New York City officials project that the city will lose at least $7.4 billion in tax revenue by the middle of next year.Credit...Erin Schaff/The New York Times
New York is not the only metropolis in the world struggling with how to safely reopen businesses and cultural centers in a dense urban settings, but no city has been more devastated by the pandemic.

The virus has claimed more than 13,000 lives in New York City, a figure that includes roughly 4,400 victims who had never tested positive for the virus but were presumed to have died of it.

President Trump has sought swift reopenings across the United States. And on Monday, three Southern states moved toward doing so: South Carolina allowed retail shops to open with social distancing guidelines, and the governors of Georgia and Tennessee announced plans to soon ease restrictions on businesses.

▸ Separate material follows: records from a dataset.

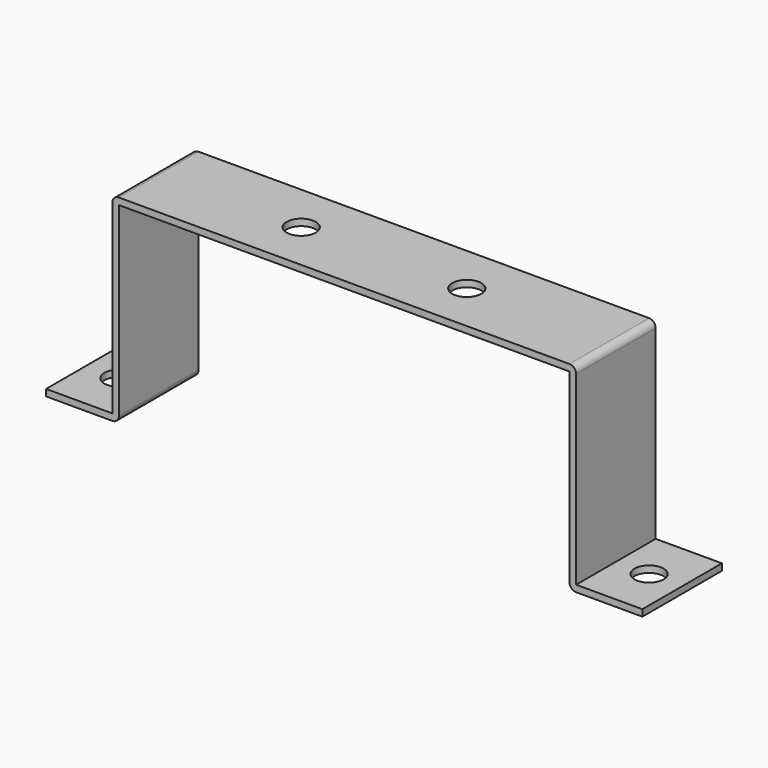
from build123d import *

# Parameters (mm, degrees)
F1_DEPTH = 30
F2_R     = 4.4
F3_R     = 4.4
F4_DEPTH = 25
F5_R     = 2
F6_R     = 2


# Not quite as in the source:
# - a feature names something its author has since deleted; it is built from what else it names


with BuildPart() as f1:
    # F0 (on Front) → F1 (new body)
    with BuildSketch(Plane.XZ):
        Polygon((90, -1), (90, 1), (70, 1), (70, 59), (-70, 59), (-70, 1), (-90, 1), (-90, -1), (-68, -1), (-68, 57), (68, 57), (68, -1), align=None)
    extrude(amount=F1_DEPTH)

    # F2 (on face) + F3 (on face) → F4 (cut)
    with BuildSketch(Plane.XY.offset(1)):
        with Locations((-80, -15)):
            Circle(F2_R)
        with Locations((80, -15)):
            Circle(F2_R)
    with BuildSketch(Plane.XY.offset(59)):
        with Locations((-25, -15)):
            Circle(F3_R)
        with Locations((25, -15)):
            Circle(F3_R)
    extrude(amount=-F4_DEPTH, mode=Mode.SUBTRACT)

    # F5
    f5_edges = [f1.edges().sort_by_distance(p)[0] for p in [
        (-70, -15, 59),
        (70, -15, 59),
    ]]
    fillet(f5_edges, radius=F5_R)

    # F6
    f6_edges = [f1.edges().sort_by_distance(p)[0] for p in [
        (68, -15, -1),
        (-68, -15, -1),
    ]]
    fillet(f6_edges, radius=F6_R)


solid = f1.part

But in New York City, interviews with more than two dozen business executives, city and state officials and industry groups revealed the depths of the difficulties in doing the same, especially when the coronavirus is still filling hospitals and hundreds are still dying each day.

The city’s Independent Budget Office forecast that 475,000 people Press Release Distribution Service In NYC would lose their jobs over the next year; other economists have put the job loss far higher: 1.2 million by the end of April, mostly in low-wage jobs in restaurants, retail or transportation.

And whole industries, gone overnight, do not as quickly return.

In the late 1970s, “It took four or five years for a lot of the city to empty out,” said Kathryn Wylde, the president of the Partnership for New York City, a nonprofit business group. “It took three or four decades to bring them back.”